As shown in Figure 2b, sixteen PGSPSs are placed in specific areas of the sole, which are divided into different regions according to the structure of the human foot and the distribution of foot pressure [36]. These regions are the phalanx (region one), metatarsus (region two), midfoot (region three), and heel (region four); each includes multiple sensors for accurate pressure measurements. Figure 2c shows the structure of a sensing point that consists of a PGSPS and two FPCs. The two FPCs act as the faces of the insole to encapsulate the PGSPS system and realize connectivity. Each FPC contains exposed conductive film at the sixteen positions to realize the electrical connection with a PGSPS. Each PGSPS leads to the detection interface through the FPC and connects the data processing module for testing. By applying a reference voltage to the PGSPSs, the MCP3008 A/D converter can obtain the analog voltage (VA) by calculating the resistance change in a PGSPS by the formula VA = Rref/(Rref + Rsensor) VCC. Then, the MCP3008 changes the VA to a digital signal (VD) by the formula VD = (210 VA)/Vref. After that, the signal processing module (as shown in Figure 2d) processes the signals and transmits them through Bluetooth to the smartphone software to display gait information. During real-time monitoring, the system conducts 150 reads per second. The whole smart sole system is shown in Figure 2e (without the smartphone for signal display). This method is suitable for the low-cost mass manufacturing of intelligent insoles, and it is easy to achieve customized designs for people with different foot types. It can be directly used as the actual insole in shoes or sandals for daily health and exercise monitoring. In addition, for a single PGSPS, by recording the curve of current varying with pressure at a constant voltage, we can obtain the power consumption. In the full-scale test of 0–150 kPa, with 80 mm/min extrusion speed, the average power of the PGSPS is 0.21 mW. This low power consumption means that the PGSPS can be used in real-time long-term monitoring.

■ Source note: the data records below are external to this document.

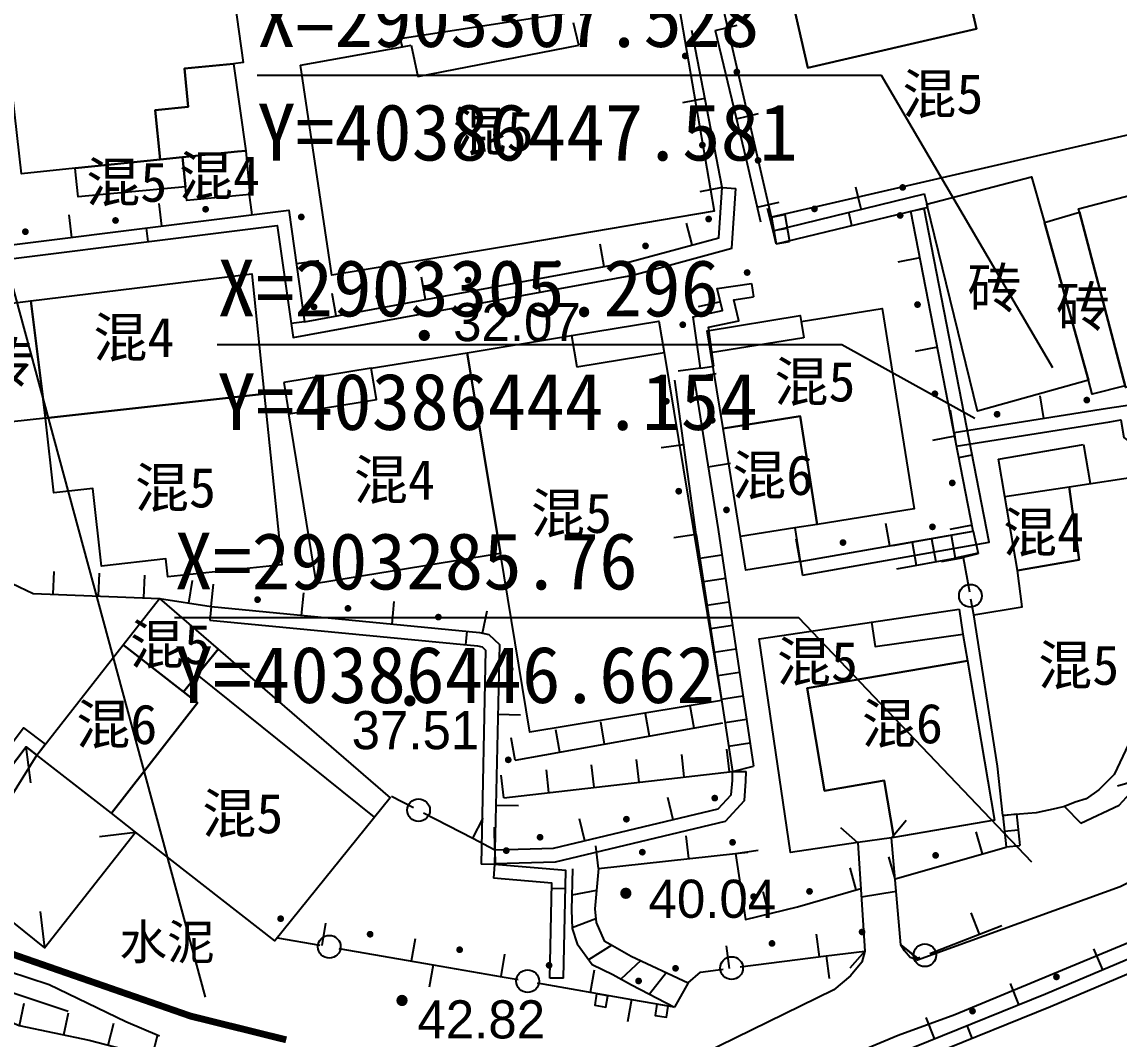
# Model space of a CAD drawing. Header units: metres. Extents: x 36500 to 80772748, y -35000 to 5806266.
# Drawn here: x 40382610.68 to 40382659, y 2902461.95 to 2902506.74 of the extents above; entities that cross this region are included whole.
import ezdxf
from ezdxf.enums import TextEntityAlignment as Align

# ---------------------------------------------------------------- set-up
doc = ezdxf.new("R2010")
doc.units = ezdxf.units.M
doc.header["$LTSCALE"] = 10
for name, pattern in [('2', [0]), ('229', [1.5, 1, -0.5]), ('243432', [0]), ('251', [1.5, 1, -0.5]), ('815', [0]), ('816', [0])]:
    doc.linetypes.add(name, pattern=pattern)
doc.layers.add('dx', color=252, linetype='Continuous')
doc.layers.add('坐标', color=7, linetype='Continuous')
doc.styles.add('DMZD', font='')
doc.styles.add('HZ', font='')
doc.styles.add('JMXD', font='')
doc.styles.add('JTXD', font='')
doc.styles.get('DMZD').set_extended_font_data('方正中等线简体')
doc.styles.get('HZ').set_extended_font_data('SimSun')
doc.styles.get('JMXD').set_extended_font_data('SimSun')
doc.styles.get('JTXD').set_extended_font_data('SimSun')

# ---------------------------------------------------------------- blocks, each defined once
blk = doc.blocks.new('6452110')
at = {"linetype": '2'}
h = blk.add_hatch(color=0, dxfattribs=at)
edge = h.paths.add_edge_path(flags=0)
edge.add_arc((0, 0.85), 0.15, 0, 360)
blk = doc.blocks.new('6452120')
at = {"color": 0, "linetype": 'Continuous', "flags": 128}
blk.add_lwpolyline([(0, 0), (0, 1)], dxfattribs=at)
blk = doc.blocks.new('4641010')
at = {"color": 0, "linetype": 'Continuous', "flags": 128}
blk.add_lwpolyline([(0, 0), (0, 1)], dxfattribs=at)
blk = doc.blocks.new('5210030')
at = {"linetype": '2'}
h = blk.add_hatch(color=0, dxfattribs=at)
edge = h.paths.add_edge_path(flags=0)
edge.add_arc((3.85, 0), 0.15, 0, 360)
at = {"color": 0, "linetype": 'Continuous', "flags": 128}
blk.add_lwpolyline([(3.8, 0), (0.5, 0)], dxfattribs=at)
blk = doc.blocks.new('gc200')
at = {"linetype": '2'}
h = blk.add_hatch(color=0, dxfattribs=at)
edge = h.paths.add_edge_path(flags=0)
edge.add_arc((0, 0), 0.25, 0, 360)

msp = doc.modelspace()

# ---------------------------------------------------------------- hatches: boundary and pattern name
at = {"layer": 'dx', "linetype": '2'}
h = msp.add_hatch(color=252, dxfattribs=at)
edge = h.paths.add_edge_path(flags=0)
edge.add_arc((40382639.895, 2902505.244), 0.15, 0, 360)
h = msp.add_hatch(color=252, dxfattribs=at)
edge = h.paths.add_edge_path(flags=0)
edge.add_arc((40382642.167, 2902504.539), 0.15, 0, 360)
h = msp.add_hatch(color=252, dxfattribs=at)
edge = h.paths.add_edge_path(flags=0)
edge.add_arc((40382640.65, 2902501.316), 0.15, 0, 360)
h = msp.add_hatch(color=252, dxfattribs=at)
edge = h.paths.add_edge_path(flags=0)
edge.add_arc((40382643.104, 2902500.643), 0.15, 0, 360)
h = msp.add_hatch(color=252, dxfattribs=at)
edge = h.paths.add_edge_path(flags=0)
edge.add_arc((40382649.472, 2902499.452), 0.15, 0, 360)
h = msp.add_hatch(color=252, dxfattribs=at)
edge = h.paths.add_edge_path(flags=0)
edge.add_arc((40382618.774, 2902498.492), 0.15, 0, 360)
h = msp.add_hatch(color=252, dxfattribs=at)
edge = h.paths.add_edge_path(flags=0)
edge.add_arc((40382645.586, 2902498.506), 0.15, 0, 360)
h = msp.add_hatch(color=252, dxfattribs=at)
edge = h.paths.add_edge_path(flags=0)
edge.add_arc((40382614.805, 2902497.997), 0.15, 0, 360)
h = msp.add_hatch(color=252, dxfattribs=at)
edge = h.paths.add_edge_path(flags=0)
edge.add_arc((40382622.987, 2902498.151), 0.15, 0, 360)
h = msp.add_hatch(color=252, dxfattribs=at)
edge = h.paths.add_edge_path(flags=0)
edge.add_arc((40382640.926, 2902498.061), 0.15, 0, 360)
h = msp.add_hatch(color=252, dxfattribs=at)
edge = h.paths.add_edge_path(flags=0)
edge.add_arc((40382649.36, 2902498.218), 0.15, 0, 360)
h = msp.add_hatch(color=252, dxfattribs=at)
edge = h.paths.add_edge_path(flags=0)
edge.add_arc((40382610.836, 2902497.503), 0.15, 0, 360)
h = msp.add_hatch(color=252, dxfattribs=at)
edge = h.paths.add_edge_path(flags=0)
edge.add_arc((40382638.146, 2902496.877), 0.15, 0, 360)
h = msp.add_hatch(color=252, dxfattribs=at)
edge = h.paths.add_edge_path(flags=0)
edge.add_arc((40382634.269, 2902496.094), 0.15, 0, 360)
h = msp.add_hatch(color=252, dxfattribs=at)
edge = h.paths.add_edge_path(flags=0)
edge.add_arc((40382642.622, 2902495.705), 0.15, 0, 360)
h = msp.add_hatch(color=252, dxfattribs=at)
edge = h.paths.add_edge_path(flags=0)
edge.add_arc((40382630.335, 2902495.371), 0.15, 0, 360)
h = msp.add_hatch(color=252, dxfattribs=at)
edge = h.paths.add_edge_path(flags=0)
edge.add_arc((40382626.401, 2902494.649), 0.15, 0, 360)
h = msp.add_hatch(color=252, dxfattribs=at)
edge = h.paths.add_edge_path(flags=0)
edge.add_arc((40382623.546, 2902494.19), 0.15, 0, 360)
h = msp.add_hatch(color=252, dxfattribs=at)
edge = h.paths.add_edge_path(flags=0)
edge.add_arc((40382650.124, 2902494.292), 0.15, 0, 360)
h = msp.add_hatch(color=252, dxfattribs=at)
edge = h.paths.add_edge_path(flags=0)
edge.add_arc((40382639.787, 2902493.406), 0.15, 0, 360)
h = msp.add_hatch(color=252, dxfattribs=at)
edge = h.paths.add_edge_path(flags=0)
edge.add_arc((40382650.889, 2902490.365), 0.15, 0, 360)
h = msp.add_hatch(color=252, dxfattribs=at)
edge = h.paths.add_edge_path(flags=0)
edge.add_arc((40382657.579, 2902490.088), 0.15, 0, 360)
h = msp.add_hatch(color=252, dxfattribs=at)
edge = h.paths.add_edge_path(flags=0)
edge.add_arc((40382639.063, 2902490.037), 0.15, 0, 360)
h = msp.add_hatch(color=252, dxfattribs=at)
edge = h.paths.add_edge_path(flags=0)
edge.add_arc((40382641.083, 2902489.2), 0.15, 0, 360)
h = msp.add_hatch(color=252, dxfattribs=at)
edge = h.paths.add_edge_path(flags=0)
edge.add_arc((40382653.629, 2902489.464), 0.15, 0, 360)
h = msp.add_hatch(color=252, dxfattribs=at)
edge = h.paths.add_edge_path(flags=0)
edge.add_arc((40382651.654, 2902486.439), 0.15, 0, 360)
h = msp.add_hatch(color=252, dxfattribs=at)
edge = h.paths.add_edge_path(flags=0)
edge.add_arc((40382639.609, 2902486.074), 0.15, 0, 360)
h = msp.add_hatch(color=252, dxfattribs=at)
edge = h.paths.add_edge_path(flags=0)
edge.add_arc((40382641.711, 2902485.25), 0.15, 0, 360)
h = msp.add_hatch(color=252, dxfattribs=at)
edge = h.paths.add_edge_path(flags=0)
edge.add_arc((40382650.782, 2902484.504), 0.15, 0, 360)
h = msp.add_hatch(color=252, dxfattribs=at)
edge = h.paths.add_edge_path(flags=0)
edge.add_arc((40382646.842, 2902483.813), 0.15, 0, 360)
h = msp.add_hatch(color=252, dxfattribs=at)
edge = h.paths.add_edge_path(flags=0)
edge.add_arc((40382621.06, 2902481.298), 0.15, 0, 360)
h = msp.add_hatch(color=252, dxfattribs=at)
edge = h.paths.add_edge_path(flags=0)
edge.add_arc((40382625.041, 2902480.914), 0.15, 0, 360)
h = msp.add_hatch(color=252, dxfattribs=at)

2.3. Characterization and Testing Methods

The micromorphology and structure of the PGSPS were characterized by a field emission electron scanning microscope (FESEM) (JSM-7001F) (JEOL, Tokyo, Japan). Raman characterization was performed using LabRAM HR Evolution (HORIBA, Kyoto, Japan). The mechanical properties of the PGSPS were observed and recorded in real-time with a mechanical tester (SHIMADZU AGS-X/EZ-X) (SHIMADZU, Kyoto, Japan) and a digital multimeter (RIGOLDM3068) (RIGOL Technologies, Beijing, China). The preliminary gait test that was performed using the insole consisted of sixteen PGSPSs with the help of a DMM7510 71/2 DIGIT MULTIMETER (Tektronix, Johnston, OH, USA). In the final in-shoe real-time monitoring system based on the PGSPS, the gait signals of an adult were monitored real-time, gait information was transmitted wirelessly and displayed on a smartphone.

3. Results and Discussion

3.1. Characterization of the PGSPS

Nature has always inspired designs, especially bionic structures for wearable applications. For vertebrates, bones are the hard organs that make up the endoskeleton, which supports and protects the body. The soft organs and tissues attached to bones undertake functions such as systemic circulation and physiological information transmission. Their softness ensures that they change with body shape and follow the skeleton’s movement. The design idea of the PGSPS is similar to vertebrates’ bodies, consisting of an SBR foam skeleton and a graphene functional layer. The porous structure of SBR foam not only provides plenty of attachment points for graphene but also supports the PGSPS. The graphene layer that attaches to it forms a dense, three-dimensional, and flexible conductive network, which is suitable for electrical signal transmission under deformation conditions. Besides, the magnificent flexibility of graphene [37] ensures that it closely follows the deformation caused by the movement of people and the SBR skeleton, which facilitates the fast response of the sensor. It is worth noting that the proper SBR foam parameters are critical for large-range pressure-sensing for insole applications, and proper mixing of deionized water and graphene facilitates the uniform and adequate distribution of graphene nanoplates on the SBR foam without reducing its elasticity. Therefore, the SBR foam was customized to meet the requirements of pore size and flexibility, which are suitable for the flexible, high-range pressure application.
Figure 3a–e shows the morphology of the PGSPS under different magnifications. The three-dimensional porous structure can be observed by FESEM. The SBR foam consists of porous microspheres with hole sizes of 20–250 μm. The graphene sheet diameters are 1–5 μm; they cover the SBR skeleton uniformly to provide a conductive network. It can also be seen from the enlarged SEM images that several layers of graphene flakes are attached to the skeleton structure with good contact, which helps the sensor resistance to change stably with pressure. Figure 3f shows the pore diameter change under different pressures, corresponding to 0 kPa (without pressure), 150 kPa (maximum measuring range for insole application), and 250 kPa (maximum measuring range of the sensor), respectively. The graphene conductive networks become denser under compression, which results in a decrease in resistance as the pressure increases. As depicted in Figure 3g, obvious characteristic peaks were observed at ~1350 cm−1, ~1580 cm−1, and ~2700 cm−1 in the Raman spectrum, corresponding to the D, G, and 2D characteristic peaks of graphene, respectively. I2D/IG < 1, which proves that the multilayer structure of the graphene. The D peak is a low-strength peak and the 2D peak at ~1620 cm−1 is extremely weak (ID/IG = 0.64), indicating that graphene only has few micro-defects.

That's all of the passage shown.